#### ASSIGNMENT
Copy every line from the records below that carries the word "Rectificador".

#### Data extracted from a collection
"""

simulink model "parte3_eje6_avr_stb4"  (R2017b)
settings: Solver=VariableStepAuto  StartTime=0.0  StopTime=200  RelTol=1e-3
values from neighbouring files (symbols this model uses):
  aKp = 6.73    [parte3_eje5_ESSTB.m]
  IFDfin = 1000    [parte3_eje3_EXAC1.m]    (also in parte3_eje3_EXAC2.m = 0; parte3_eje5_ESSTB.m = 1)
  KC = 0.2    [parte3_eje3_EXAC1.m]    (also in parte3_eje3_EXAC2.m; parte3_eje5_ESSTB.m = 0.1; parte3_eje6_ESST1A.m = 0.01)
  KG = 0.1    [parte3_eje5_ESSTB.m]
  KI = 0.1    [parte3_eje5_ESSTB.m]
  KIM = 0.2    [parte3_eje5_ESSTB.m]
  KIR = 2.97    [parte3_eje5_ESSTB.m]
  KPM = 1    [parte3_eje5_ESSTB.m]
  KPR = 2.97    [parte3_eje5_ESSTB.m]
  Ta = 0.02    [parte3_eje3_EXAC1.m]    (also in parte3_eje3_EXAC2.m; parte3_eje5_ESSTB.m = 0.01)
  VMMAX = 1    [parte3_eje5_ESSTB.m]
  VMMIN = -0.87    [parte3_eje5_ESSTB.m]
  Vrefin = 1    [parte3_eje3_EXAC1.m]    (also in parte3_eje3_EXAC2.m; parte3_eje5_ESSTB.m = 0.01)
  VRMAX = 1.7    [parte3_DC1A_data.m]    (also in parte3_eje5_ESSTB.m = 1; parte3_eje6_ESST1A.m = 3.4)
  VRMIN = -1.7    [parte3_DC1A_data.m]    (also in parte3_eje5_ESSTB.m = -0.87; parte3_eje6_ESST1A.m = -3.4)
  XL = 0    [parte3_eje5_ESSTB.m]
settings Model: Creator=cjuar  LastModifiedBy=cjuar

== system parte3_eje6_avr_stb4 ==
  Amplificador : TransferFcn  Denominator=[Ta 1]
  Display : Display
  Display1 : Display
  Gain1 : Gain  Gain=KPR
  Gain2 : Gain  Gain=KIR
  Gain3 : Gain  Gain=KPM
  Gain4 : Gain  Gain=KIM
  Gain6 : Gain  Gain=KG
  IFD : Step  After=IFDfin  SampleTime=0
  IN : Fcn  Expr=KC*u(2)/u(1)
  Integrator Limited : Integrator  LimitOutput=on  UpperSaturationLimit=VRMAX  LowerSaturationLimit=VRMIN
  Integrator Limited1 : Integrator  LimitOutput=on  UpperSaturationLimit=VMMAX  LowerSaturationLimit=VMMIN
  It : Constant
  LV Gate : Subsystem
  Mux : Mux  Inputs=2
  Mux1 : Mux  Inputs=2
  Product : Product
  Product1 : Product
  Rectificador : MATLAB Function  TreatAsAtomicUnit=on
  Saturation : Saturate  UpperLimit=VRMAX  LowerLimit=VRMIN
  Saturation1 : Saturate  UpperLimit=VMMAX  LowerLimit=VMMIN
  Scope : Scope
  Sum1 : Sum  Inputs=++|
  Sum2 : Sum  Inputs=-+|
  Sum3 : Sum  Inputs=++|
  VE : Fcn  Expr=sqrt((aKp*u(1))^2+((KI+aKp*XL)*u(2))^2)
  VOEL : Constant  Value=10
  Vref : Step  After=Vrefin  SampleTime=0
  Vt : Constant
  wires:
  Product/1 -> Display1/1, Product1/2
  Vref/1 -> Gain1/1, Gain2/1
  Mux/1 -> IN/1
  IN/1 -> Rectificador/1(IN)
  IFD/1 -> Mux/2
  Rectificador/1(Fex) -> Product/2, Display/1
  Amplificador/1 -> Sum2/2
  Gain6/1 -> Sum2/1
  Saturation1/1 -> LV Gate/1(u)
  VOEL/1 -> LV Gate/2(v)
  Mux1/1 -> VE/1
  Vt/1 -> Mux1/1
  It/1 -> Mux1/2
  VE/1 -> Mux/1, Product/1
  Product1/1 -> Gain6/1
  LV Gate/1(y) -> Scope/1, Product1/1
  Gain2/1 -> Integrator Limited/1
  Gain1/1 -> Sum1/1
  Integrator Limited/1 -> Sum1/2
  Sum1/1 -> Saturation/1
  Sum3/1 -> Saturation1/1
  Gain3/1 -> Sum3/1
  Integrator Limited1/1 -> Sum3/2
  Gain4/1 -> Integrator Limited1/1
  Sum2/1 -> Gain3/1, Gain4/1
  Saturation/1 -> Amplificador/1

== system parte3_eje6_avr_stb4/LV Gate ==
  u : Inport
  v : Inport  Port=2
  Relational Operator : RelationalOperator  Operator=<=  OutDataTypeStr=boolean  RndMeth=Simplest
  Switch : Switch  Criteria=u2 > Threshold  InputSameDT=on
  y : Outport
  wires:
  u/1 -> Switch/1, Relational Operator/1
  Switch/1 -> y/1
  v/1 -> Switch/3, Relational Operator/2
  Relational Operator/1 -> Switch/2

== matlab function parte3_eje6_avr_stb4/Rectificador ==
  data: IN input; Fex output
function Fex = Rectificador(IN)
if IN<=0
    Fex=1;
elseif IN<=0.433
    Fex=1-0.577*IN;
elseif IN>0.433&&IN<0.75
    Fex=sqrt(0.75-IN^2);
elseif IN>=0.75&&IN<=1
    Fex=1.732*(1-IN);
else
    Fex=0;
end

"""

#### EXERCISE RESPONSE
  Rectificador : MATLAB Function  TreatAsAtomicUnit=on
  IN/1 -> Rectificador/1(IN)
  Rectificador/1(Fex) -> Product/2, Display/1
== matlab function parte3_eje6_avr_stb4/Rectificador ==
function Fex = Rectificador(IN)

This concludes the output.